Avant de rencontrer un homme d’affaires à la tête d’un fonds d’investissement à l’origine d’un « business vertueux » avec lequel elle montera La Maison de commerce, « une référence pour l’artisanat européen à Paris », assure Pauline Lévêque, mettant en valeur et commercialisant des produits réalisés par des artisans en prônant « les ressources locales, le respect des matériaux, la pédagogie, la simplicité et la beauté au quotidien ».

L’artisanat aveyronnais mis en valeur par La Maison de commerce.

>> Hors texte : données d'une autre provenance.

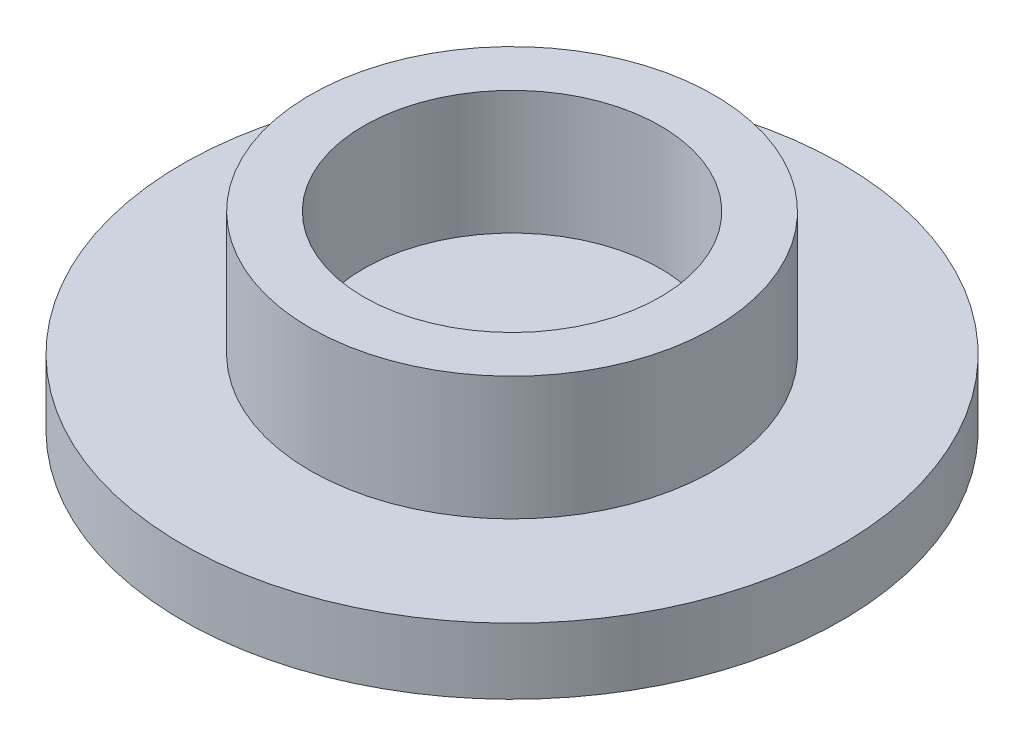
from build123d import *

# Parameters (mm, degrees)
SKETCH1_R           = 2.45
SKETCH1_R_2         = 1.8
BOSS_EXTRUDE1_DEPTH = 1.5
SKETCH2_R           = 4
BOSS_EXTRUDE2_DEPTH = 0.8


with BuildPart() as part:
    # Sketch1 → Boss-Extrude1 (new body)
    with BuildSketch(Plane(origin=(0, 0, 0), x_dir=(1, 0, 0), z_dir=(0, 1, 0))):
        Circle(SKETCH1_R)
        Circle(SKETCH1_R_2, mode=Mode.SUBTRACT)
    extrude(amount=BOSS_EXTRUDE1_DEPTH)

    # Sketch2 → Boss-Extrude2 (add)
    with BuildSketch(Plane.XZ):
        Circle(SKETCH2_R)
    extrude(amount=BOSS_EXTRUDE2_DEPTH)


solid = part.part

L’artisanat aveyronnais mis en valeur par La Maison de commerce.
Reproduction L’Aveyronnais

Une aventure « d’intérêt général » qu’elle quitte après un peu plus de trois années, pour entamer sa collaboration avec Alfred Hôtels et avec l’entreprise de décoration d’intérieur et de mobilier Sandra Benhamou. Deux établissements auprès desquels elle dispense ses compétences en architecture d’intérieur et en design.

Le bonheur, en Aveyron

Installée à Paris, la directrice artistique est maman du petit Orso, âgé de six ans, avec lequel elle aime partager son amour pour l’Aveyron. « Ça me procure une joie profonde de voir nos enfants marcher sur les sentiers que je connais par cœur… » Et de se souvenir « d’un grand moment de bonheur » lors d’un pique-nique en famille, il y a deux ans, autour de la grange qu’elle souhaite restaurer. Un projet qui « aurait du sens ». « Ça n’est pas uniquement par rapport à la famille, c’est beaucoup lié à la terre, celle qu’on a aimée dès notre enfance » Et au rapport au temps, aux autres… Ces familles, ces personnalités qui font aussi le caractère de ce petit coin d’Aveyron autour de Pradinas.

Orso, le fils de Pauline Lévêque, en Aveyron sur les terres familiales.

Orso, le fils de Pauline Lévêque, en Aveyron sur les terres familiales.
Reproduction L’Aveyronnais

« Des valeurs, une authenticité, dit Pauline Lévêque. Des réalités avec lesquelles on ne peut pas mentir. »

Et un « sentiment d’appartenance » qui la lie à ce territoire unique.